# married 15 years and have fallin in love with best friend



## Dido (May 18, 2010)

help.. need advice ..i am knew to this so please bare with me.. i i have been married for 15 years have 4 beautiful children and have fallin in love with my best friend who is a women. My husband and i have had many bumps along the way but latley since i have started to work full time he has become very controlling, especially where money is concerned. He is the one who controls the money in our home, and we have always struggled. He spends money on stupid things while bills add up,but what started all of this or what made me realise i have had enough is, i started questioning him about my earnings, which he is able to log into and he was not happy with this so much in fact he packed his clothes made a scene infront of children who were very upset and hurt.

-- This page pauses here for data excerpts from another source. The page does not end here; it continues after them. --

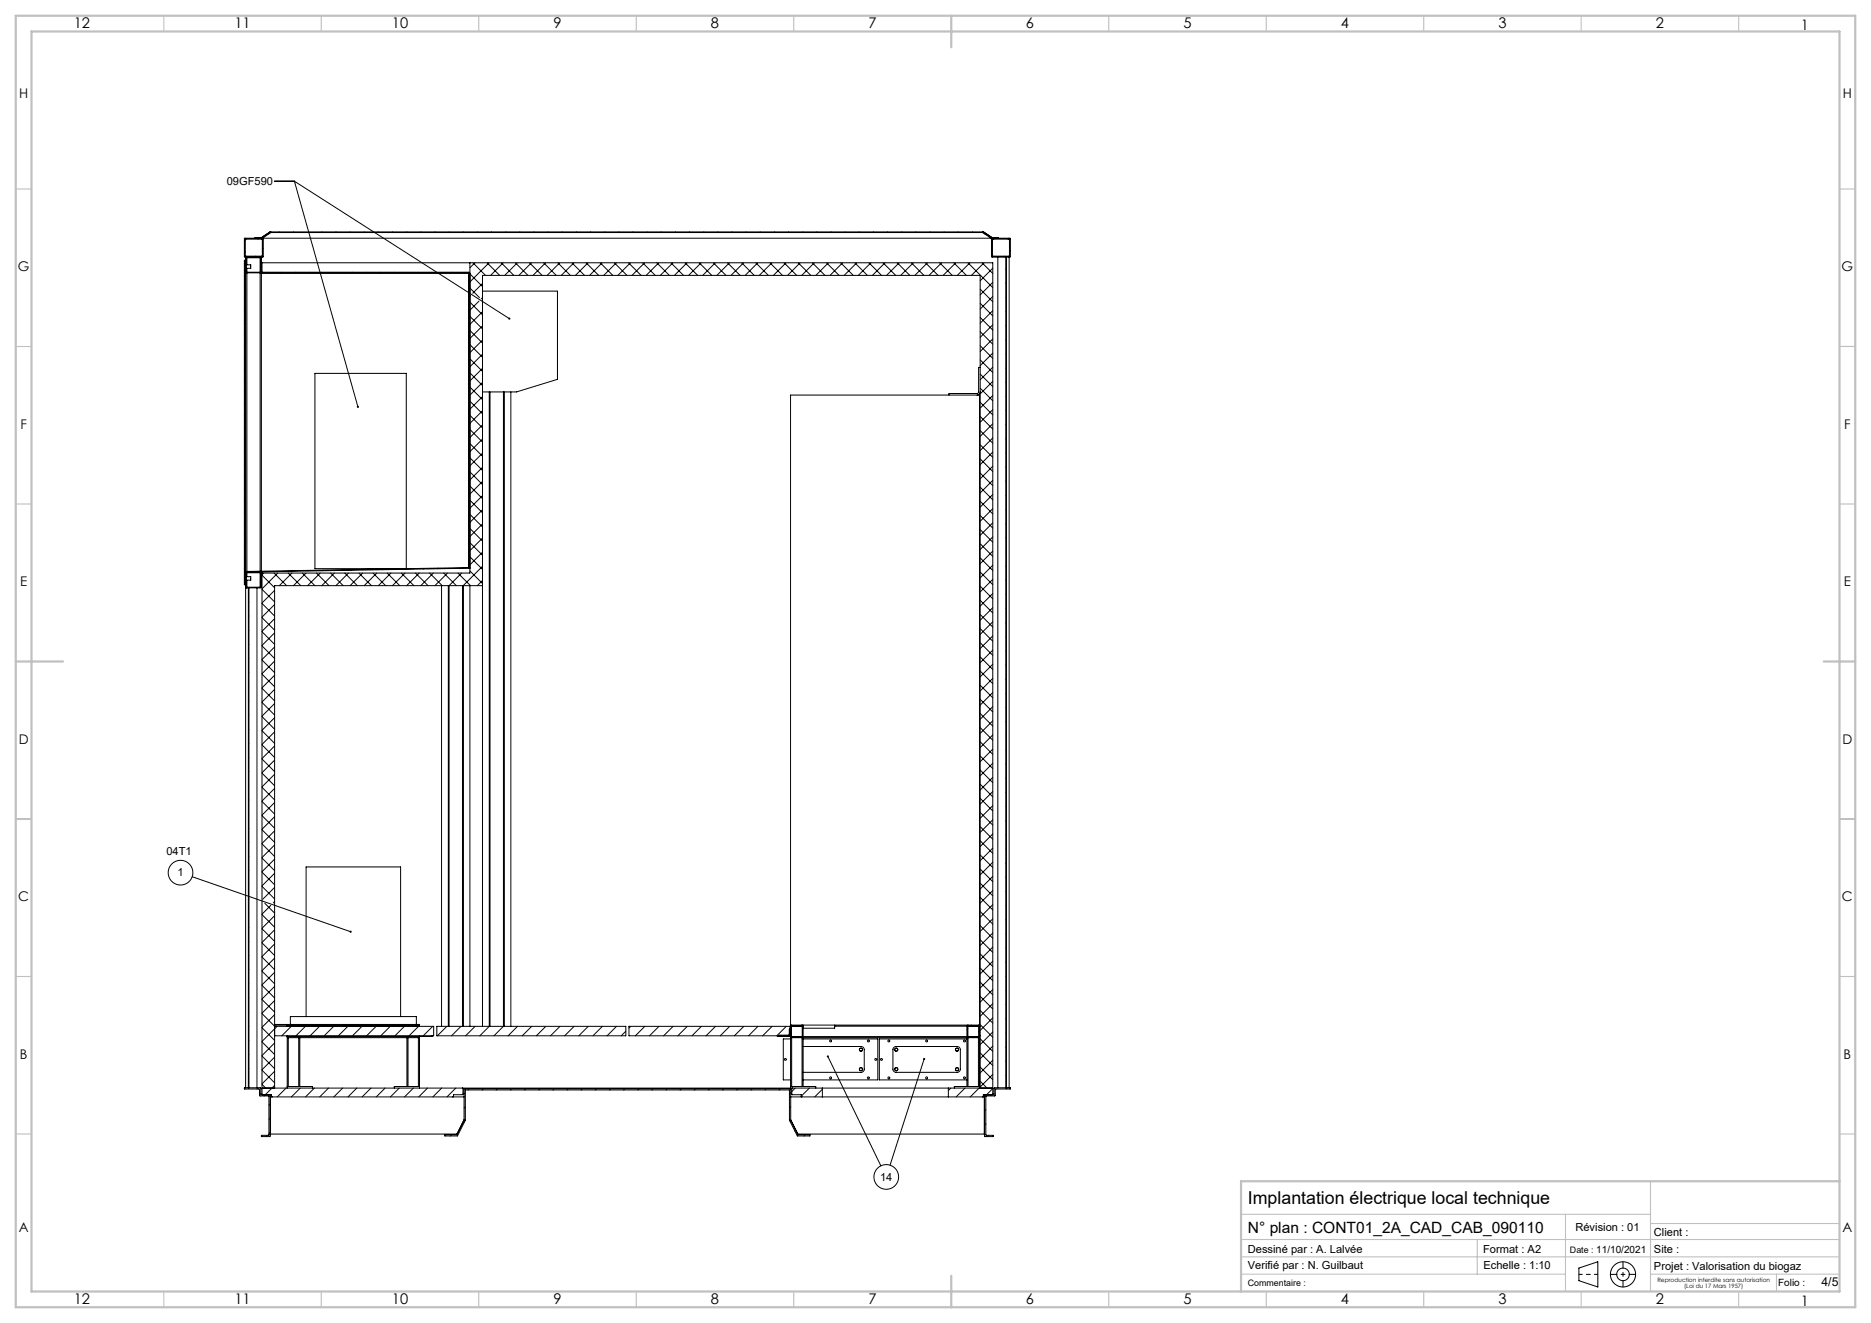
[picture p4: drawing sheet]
<svg xmlns="http://www.w3.org/2000/svg" width="594mm" height="420mm" viewBox="0 0 594 420" stroke-linecap="round" stroke-linejoin="round" font-family="sans-serif">
<g fill="none" stroke="#000" stroke-width=".32">
<path d="M87.1 57.5h6.4M93.5 57.5l20.1 71.7M93.5 57.5l68.2 43.7M77.7 75.6l-.1 .2M77.8 75.6l-.2 .2v5.6l.2 .2h5.7l.1-5.8-.2-.2M77.8 75.6h5.6M77.9 80l-.3 .3M77.9 76h5.3v5.3h-5.3zM82.4 75.4l-.5 .5M83.3 75.6l2.7-1.8h225.9l2.8 1.8 6 .1v5.9h-5.9v-5.8l.2-.2M83.4 75.6h231.2M83.6 78.8l-.3 .3"/>
<path d="M86 73.6l-3 1.8M86 73.6l-2.8 1.8h-2.2v.2M86 73.6h226M88.7 73.6l-.2 .2M93.2 73.6l-.2 .2M102.2 73.6l-.2 .2M106.7 73.6l-.2 .2M111.2 73.6l-.2 .2M115.7 73.6l-.2 .2M120.2 73.6l-.2 .2M124.6 73.6l-.2 .2M129.1 73.6l-.2 .2"/>
<path d="M133.6 73.6l-.2 .2M138.1 73.6l-.2 .2M142.6 73.6l-.2 .2M147.1 73.6l-.2 .2M151.6 73.6l-.2 .2M156.1 73.6l-.2 .2M160.6 73.6l-.2 .2M165.1 73.6l-.2 .2M169.5 73.6l-.2 .2M174 73.6l-.2 .2M178.5 73.6l-.2 .2M183 73.6l-.2 .2"/>
<path d="M187.5 73.6l-.2 .2M192 73.6l-.2 .2M196.5 73.6l-.2 .2M201 73.6l-.2 .2M205.5 73.6l-.2 .2M210 73.6l-.2 .2M214.5 73.6l-.2 .2M218.9 73.6l-.2 .2M223.4 73.6l-.2 .2M227.9 73.6l-.2 .2M232.4 73.6l-.2 .2M236.9 73.6l-.2 .2"/>
<path d="M241.4 73.6l-.2 .2M245.9 73.6l-.2 .2M250.4 73.6l-.2 .2M254.9 73.6l-.2 .2M259.4 73.6l-.2 .2M263.8 73.6l-.2 .2M268.3 73.6l-.2 .2M272.8 73.6l-.2 .2M277.3 73.6l-.2 .2M281.8 73.6l-.2 .2M286.3 73.6l-.2 .2M290.8 73.6l-.2 .2"/>
<path d="M295.3 73.6l-.2 .2M299.8 73.6l-.2 .2M304.3 73.6l-.2 .2M308.7 73.6l-.2 .2M312 73.6l2.9 1.8M312 73.6l2.7 1.8h2.3v.2M312.7 74.1l-.1 .2M315.1 76.3l-.3 .3M315.1 76h5.3v5.3h-5.3zM315.9 75.4l-.5 .5M320.2 75.6l-.3 .3M320.8 79.5l-.3 .3"/>
<path d="M77.6 82.6h.3v103h-.3zM77.6 91.4h.3M77.6 90.6h.3M77.6 95.1h.3M77.6 94.4h.3M77.6 98.1h.3M77.6 98.9h.3M77.6 87.6h.3M77.7 98.1l-.1 .1M77.9 85.2h.1M77.9 84h.1M78 86.2l.4 .4"/>
<path d="M78.2 84.1h1.4v1.1h-1.4M78.4 81.6l-.4 .4v99.4M78.4 81.8l-.2 .2v4.2l.2 .2M78.4 86.4h4.2M78.4 81.8h4.2M78.4 86.6h4.2M78.4 81.8v2.3M78.4 85.2v1.2M78.4 86.6v94.8M81 81.3l-.3 .3M82.6 81.6l.4 .4v99.3M82.6 81.8l.2 .2v4.2l-.2 .2"/>
<path d="M82.6 81.8v4.6M82.6 86.6v94.7M83 86.2l-.4 .4M83 86.6h65.8l.2 .2M83 86.4h65.8l.4 .4M83 86.7h65.8M83.2 86.4v-3h232v262h-232v-163.9M83.2 86.6v.1M84.9 86.4l-.2 .2M89.4 86.4l-.2 .2M93.9 86.4l-.2 .2M98.4 86.4l-.2 .2"/>
<path d="M111.8 86.4l-.2 .2M116.3 86.4l-.2 .2M120.8 86.4l-.2 .2M125.3 86.4l-.2 .2M143.3 86.4l-.2 .2M147.8 86.4l-.2 .2M148.8 86.7h.2M148.8 86.7l.2 .1M148.8 86.7v93.5M149 86.8v93.6M149.2 83.4v98.5h-66M149.2 87l4 4"/>
<path d="M149.2 91.4l3 3.1M149.2 95.9l4 4M149.3 93.8l-.1 .2M150.1 83.4l4 4M150.8 83.4l-1.6 1.6M152.1 95.6l-2.9 2.9M153.2 92.4h23.8v28l-13 4h-10.8M153.2 90l-3.1 3.1M153.2 94.5l-.4 .4M153.2 99l-4.2 4.2M154.6 83.4l4 4M155.3 83.4l-6.3 6.3"/>
<path d="M159.1 83.4l4 4M159.7 83.4l-4 4M163.6 83.4l4 4M164.2 83.4l-4 4M168.1 83.4l4 4M168.7 83.4l-4 4M172.6 83.4l4 4M173.2 83.4l-4 4M177.1 83.4l4 4M177.7 83.4l-4 4M181.6 83.4l4 4M182.2 83.4l-4 4"/>
<path d="M186.1 83.4l4 4M186.7 83.4l-4 4M190.6 83.4l4 4M191.2 83.4l-4 4M195 83.4l4 4M195.7 83.4l-4 4M199.5 83.4l4 4M200.2 83.4l-4 4M204 83.4l4 4M204.7 83.4l-4 4M208.5 83.4l4 4M209.1 83.4l-4 4"/>
<path d="M213 83.4l4 4M213.6 83.4l-4 4M217.5 83.4l4 4M218.1 83.4l-4 4M222 83.4l4 4M222.6 83.4l-4 4M226.5 83.4l4 4M227.1 83.4l-4 4M231 83.4l4 4M231.6 83.4l-4 4M235.5 83.4l4 4M236.1 83.4l-4 4"/>
<path d="M239.9 83.4l4 4M240.6 83.4l-4 4M244.4 83.4l4 4M245.1 83.4l-4 4M248.9 83.4l4 4M249.6 83.4l-4 4M253.4 83.4l4 4M254 83.4l-4 4M257.9 83.4l4 4M258.5 83.4l-4 4M262.4 83.4l4 4M263 83.4l-4 4"/>
<path d="M266.9 83.4l4 4M267.5 83.4l-4 4M271.4 83.4l4 4M272 83.4l-4 4M275.9 83.4l4 4M276.5 83.4l-4 4M280.4 83.4l4 4M281 83.4l-4 4M284.8 83.4l4 4M285.5 83.4l-4 4M289.3 83.4l4 4M290 83.4l-4 4"/>
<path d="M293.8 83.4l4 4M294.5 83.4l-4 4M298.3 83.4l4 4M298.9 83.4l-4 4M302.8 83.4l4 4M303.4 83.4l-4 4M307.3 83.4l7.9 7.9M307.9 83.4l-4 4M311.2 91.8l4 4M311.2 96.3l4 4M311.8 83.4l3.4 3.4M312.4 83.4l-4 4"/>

He returned 2 nights later, he is now back at home , we are sleeping in separate rooms, he has apologised but i am over it... but also dont want to hurt him.
As for my best friend and soul mate she is everything i want in a friend lover and soul mate.I know that these are not excuses for having a affair, but what is done is done all i need to know is how do i tell him and more importantly our children, they sense and see tension and the older ones are starting to not like his way,s but i dont want this, for he is a good father, but as a husband in his eyes i belong at home, in the kitchen doing her duties, to me ...not living ..I feel like everything i do i have to ask like a child ask her father i am a 35 year old women who has to ask permission to have a life.. i feel like the strings are breaking.. please help i think i am more scared of the reaction of my children, knowing i love a women. confused


----------